MERCEDES 9. La forza della stabilità con un progetto in evoluzione. Solida come un carro armato ha quasi percorso la distanza di un’intera stagione senza cercare il tempone. Favorita d’obbligo in attea di vedere se si ritroverà finalmente a correre sotto pressione.

HAMILTON 9.
L’immagine della serenità con i suoi cani e la sua amica Lindsey Vonn. Non ha perso il vizio dei viaggi e della bella vita, concedendosi una notte da Oscar. E’ psicologicamente il più forte.

ROSBERG 7.
Tirato a lucido, asciutto, emotivamente carico, ma a volte sembra solo una facciata per mascherare la tensione che il compagno di squadra gli provoca. Se sotto c’è sostanza può essere l’anno buono.

FERRARI 7.
Qualche problema di affidabilità che rimanda alla bandiera a scacchi per voti ben più alti. La macchina è una rivoluzione e come tale va gestita, con la consapevolezza che può avere più margini di crescita in stagione e per questo più crescita anche dal voto 7. Potrebbe vincere subito alla prima gara, ma sarebbe già sufficiente che la Mercedes non fosse più solo un miraggio su una strada che quest’anno sembra essere più in discesa rispetto al recente passato.

VETTEL 9.
Parla da leader con i piedi per terra e la testa bassa, come piace ad Arrivabene. “L’importante non è vincere la prima gara, ma arrivare in testa alla fine”. Filosofia spiccia, da tedesco che piace alla squadra, e non poco.
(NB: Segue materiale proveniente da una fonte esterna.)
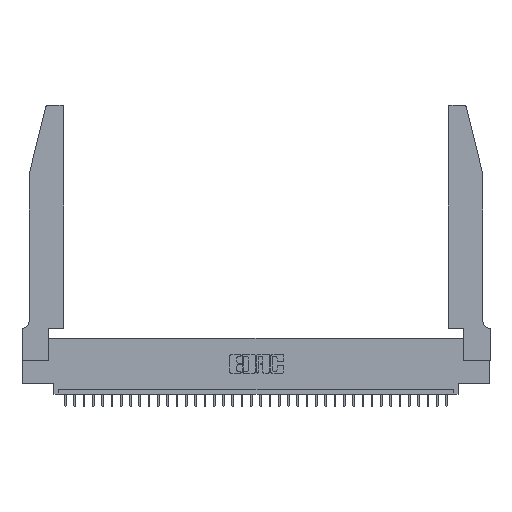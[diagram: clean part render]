
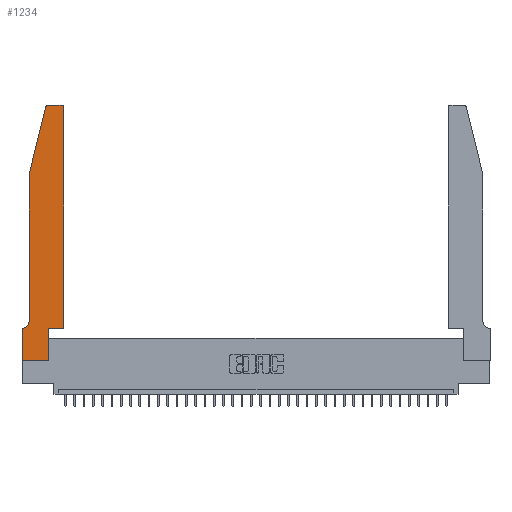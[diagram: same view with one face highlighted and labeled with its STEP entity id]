
A CAD part, top view. The second image highlights one B-rep face of the part: STEP entity #1234.
In plain terms, the highlighted planar face has unit normal (0, 0, 1).
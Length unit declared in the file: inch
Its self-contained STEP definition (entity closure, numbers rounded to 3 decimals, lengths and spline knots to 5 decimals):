
#328 = ORIENTED_EDGE ( 'NONE', *, *, #10092, .T. ) ;
#561 = VERTEX_POINT ( 'NONE', #14018 ) ;
#1145 = DIRECTION ( 'NONE',  ( -0.239, -0.971, 0. ) ) ;
#1234 = ADVANCED_FACE ( 'NONE', ( #25396 ), #13378, .T. ) ;
#1361 = VECTOR ( 'NONE', #14114, 39.37008 ) ;
#1491 = AXIS2_PLACEMENT_3D ( 'NONE', #10603, #8017, #16720 ) ;
#1853 = VECTOR ( 'NONE', #23266, 39.37008 ) ;
#1873 = EDGE_CURVE ( 'NONE', #24069, #11451, #7001, .T. ) ;
#1946 = ORIENTED_EDGE ( 'NONE', *, *, #23673, .T. ) ;
#2600 = EDGE_CURVE ( 'NONE', #19930, #27946, #5991, .T. ) ;
#2691 = ORIENTED_EDGE ( 'NONE', *, *, #29402, .T. ) ;
#2777 = CARTESIAN_POINT ( 'NONE',  ( 0.2865, 0., 0.37 ) ) ;
#3576 = VERTEX_POINT ( 'NONE', #30630 ) ;
#3867 = EDGE_LOOP ( 'NONE', ( #1946, #30840, #11998, #15522, #33590, #328, #35620, #21383, #13803, #21273, #24684, #2691 ) ) ;
#3935 = DIRECTION ( 'NONE',  ( 0., 0., 1. ) ) ;
#4246 = CARTESIAN_POINT ( 'NONE',  ( 0.2865, 0.35, 0.37 ) ) ;
#4346 = CARTESIAN_POINT ( 'NONE',  ( 0.4505, 0.35, 0.37 ) ) ;
#5414 = CARTESIAN_POINT ( 'NONE',  ( 0.0055, 0.42, 0.37 ) ) ;
#5496 = DIRECTION ( 'NONE',  ( -1., 0., 0. ) ) ;
#5575 = EDGE_CURVE ( 'NONE', #19089, #10996, #27789, .T. ) ;
#5601 = DIRECTION ( 'NONE',  ( 1., 0., 0. ) ) ;
#5991 = LINE ( 'NONE', #20785, #15901 ) ;
#6869 = EDGE_CURVE ( 'NONE', #561, #3576, #22773, .T. ) ;
#7001 = LINE ( 'NONE', #7379, #11141 ) ;
#7034 = DIRECTION ( 'NONE',  ( 0., 1., 0. ) ) ;
#7379 = CARTESIAN_POINT ( 'NONE',  ( 0.0755, 2., 0.37 ) ) ;
#7657 = VECTOR ( 'NONE', #7034, 39.37008 ) ;
#8017 = DIRECTION ( 'NONE',  ( 0., 0., 1. ) ) ;
#8235 = VECTOR ( 'NONE', #5496, 39.37008 ) ;
#9098 = CARTESIAN_POINT ( 'NONE',  ( 0.0755, 0.35, 0.37 ) ) ;
#9119 = DIRECTION ( 'NONE',  ( 1., 0., 0. ) ) ;
#10092 = EDGE_CURVE ( 'NONE', #14027, #29044, #34452, .T. ) ;
#10193 = EDGE_CURVE ( 'NONE', #27946, #19089, #33117, .T. ) ;
#10603 = CARTESIAN_POINT ( 'NONE',  ( 0.284, 2.72, 0.37 ) ) ;
#10949 = DIRECTION ( 'NONE',  ( 0., 0., -1. ) ) ;
#10996 = VERTEX_POINT ( 'NONE', #4346 ) ;
#11141 = VECTOR ( 'NONE', #29762, 39.37008 ) ;
#11451 = VERTEX_POINT ( 'NONE', #23233 ) ;
#11998 = ORIENTED_EDGE ( 'NONE', *, *, #17318, .T. ) ;
#13378 = PLANE ( 'NONE',  #29416 ) ;
#13753 = DIRECTION ( 'NONE',  ( 0., 0., 1. ) ) ;
#13803 = ORIENTED_EDGE ( 'NONE', *, *, #10193, .T. ) ;
#13932 = CARTESIAN_POINT ( 'NONE',  ( 0., 0.35, 0.37 ) ) ;
#14018 = CARTESIAN_POINT ( 'NONE',  ( 0.284, 2.75, 0.37 ) ) ;
#14027 = VERTEX_POINT ( 'NONE', #24533 ) ;
#14114 = DIRECTION ( 'NONE',  ( 1., 0., 0. ) ) ;
#14501 = AXIS2_PLACEMENT_3D ( 'NONE', #35033, #3935, #26695 ) ;
#14539 = CARTESIAN_POINT ( 'NONE',  ( 0., 0., 0.37 ) ) ;
#15522 = ORIENTED_EDGE ( 'NONE', *, *, #1873, .T. ) ;
#15812 = CARTESIAN_POINT ( 'NONE',  ( 0., 0.35, 0.37 ) ) ;
#15901 = VECTOR ( 'NONE', #9119, 39.37008 ) ;
#16720 = DIRECTION ( 'NONE',  ( 1., 0., 0. ) ) ;
#17318 = EDGE_CURVE ( 'NONE', #3576, #24069, #34658, .T. ) ;
#18472 = VERTEX_POINT ( 'NONE', #31329 ) ;
#19089 = VERTEX_POINT ( 'NONE', #23703 ) ;
#19250 = VERTEX_POINT ( 'NONE', #22010 ) ;
#19930 = VERTEX_POINT ( 'NONE', #14539 ) ;
#20082 = VECTOR ( 'NONE', #34806, 39.37008 ) ;
#20785 = CARTESIAN_POINT ( 'NONE',  ( 0., 0., 0.37 ) ) ;
#21016 = AXIS2_PLACEMENT_3D ( 'NONE', #5414, #10949, #22251 ) ;
#21273 = ORIENTED_EDGE ( 'NONE', *, *, #5575, .T. ) ;
#21383 = ORIENTED_EDGE ( 'NONE', *, *, #2600, .T. ) ;
#22010 = CARTESIAN_POINT ( 'NONE',  ( 0.4505, 2.72, 0.37 ) ) ;
#22251 = DIRECTION ( 'NONE',  ( -1., 0., 0. ) ) ;
#22334 = LINE ( 'NONE', #23080, #8235 ) ;
#22513 = LINE ( 'NONE', #35072, #1853 ) ;
#22635 = DIRECTION ( 'NONE',  ( 0., 1., 0. ) ) ;
#22773 = CIRCLE ( 'NONE', #1491, 0.03 ) ;
#23080 = CARTESIAN_POINT ( 'NONE',  ( 0.2605, 2.75, 0.37 ) ) ;
#23233 = CARTESIAN_POINT ( 'NONE',  ( 0.0755, 0.42, 0.37 ) ) ;
#23266 = DIRECTION ( 'NONE',  ( 0., -1., 0. ) ) ;
#23376 = CARTESIAN_POINT ( 'NONE',  ( 0.4505, 0.35, 0.37 ) ) ;
#23673 = EDGE_CURVE ( 'NONE', #18472, #561, #22334, .T. ) ;
#23703 = CARTESIAN_POINT ( 'NONE',  ( 0.2865, 0.35, 0.37 ) ) ;
#24069 = VERTEX_POINT ( 'NONE', #24561 ) ;
#24357 = EDGE_CURVE ( 'NONE', #29044, #19930, #22513, .T. ) ;
#24533 = CARTESIAN_POINT ( 'NONE',  ( 0.0055, 0.35, 0.37 ) ) ;
#24561 = CARTESIAN_POINT ( 'NONE',  ( 0.0755, 2., 0.37 ) ) ;
#24684 = ORIENTED_EDGE ( 'NONE', *, *, #36104, .T. ) ;
#25396 = FACE_OUTER_BOUND ( 'NONE', #3867, .T. ) ;
#26695 = DIRECTION ( 'NONE',  ( 1., 0., 0. ) ) ;
#27789 = LINE ( 'NONE', #30948, #1361 ) ;
#27946 = VERTEX_POINT ( 'NONE', #2777 ) ;
#28748 = CIRCLE ( 'NONE', #21016, 0.07 ) ;
#29044 = VERTEX_POINT ( 'NONE', #15812 ) ;
#29075 = CARTESIAN_POINT ( 'NONE',  ( 0.0755, 2., 0.37 ) ) ;
#29402 = EDGE_CURVE ( 'NONE', #19250, #18472, #30451, .T. ) ;
#29416 = AXIS2_PLACEMENT_3D ( 'NONE', #13932, #13753, #5601 ) ;
#29762 = DIRECTION ( 'NONE',  ( 0., -1., 0. ) ) ;
#30451 = CIRCLE ( 'NONE', #14501, 0.03 ) ;
#30630 = CARTESIAN_POINT ( 'NONE',  ( 0.25487, 2.72718, 0.37 ) ) ;
#30801 = EDGE_CURVE ( 'NONE', #11451, #14027, #28748, .T. ) ;
#30840 = ORIENTED_EDGE ( 'NONE', *, *, #6869, .T. ) ;
#30948 = CARTESIAN_POINT ( 'NONE',  ( 0.4505, 0.35, 0.37 ) ) ;
#31329 = CARTESIAN_POINT ( 'NONE',  ( 0.4205, 2.75, 0.37 ) ) ;
#31683 = LINE ( 'NONE', #23376, #34260 ) ;
#33117 = LINE ( 'NONE', #4246, #7657 ) ;
#33590 = ORIENTED_EDGE ( 'NONE', *, *, #30801, .T. ) ;
#34260 = VECTOR ( 'NONE', #22635, 39.37008 ) ;
#34452 = LINE ( 'NONE', #9098, #20082 ) ;
#34658 = LINE ( 'NONE', #29075, #35697 ) ;
#34806 = DIRECTION ( 'NONE',  ( -1., 0., 0. ) ) ;
#35033 = CARTESIAN_POINT ( 'NONE',  ( 0.4205, 2.72, 0.37 ) ) ;
#35072 = CARTESIAN_POINT ( 'NONE',  ( 0., 0., 0.37 ) ) ;
#35620 = ORIENTED_EDGE ( 'NONE', *, *, #24357, .T. ) ;
#35697 = VECTOR ( 'NONE', #1145, 39.37008 ) ;
#36104 = EDGE_CURVE ( 'NONE', #10996, #19250, #31683, .T. ) ;

Se la macchina lo aiuta ci sarà da divertirsi.

RAIKKONEN 8.
Dire che è un Iceman rigenerato o diverso è impossibile perché l’espressione è sempre la stessa, di ghiaccio. Sa che si gioca tanto, soprattutto nella prima parte della stagione. Se vuole convincere la Ferrari o qualche altra scuderia a farlo correre, anche la prossima stagione. Non può più addormentarsi, come negli ultimi due anni. Pronti via e un pensiero al mondiale, giustamente, comunque lo fa.

TOP SORPRESA
HAAS 8. Che già si muova è uno straordinario successo, se poi lo fa anche velocemente lo è ancor di più. L’idea è quella di andare subito a punti. Sarebbe un mezzo miracolo italiano per il tema americano con motore Ferrari e telaio Dallara, ma soprattutto interessa il progetto con la cara vecchia formula dell’assemblatore. Dovesse funzionare avanti anche altri, come Alfa Romeo.

FLOP

MCLAREN 6. Sufficiente perché intanto ha fatto quasi più chilometri nei test che in tutta la passata stagione, ma la prestazione sembra ancora latitare. Lontano ancora dall’essere sulla cresta dell’Honda. Appunto.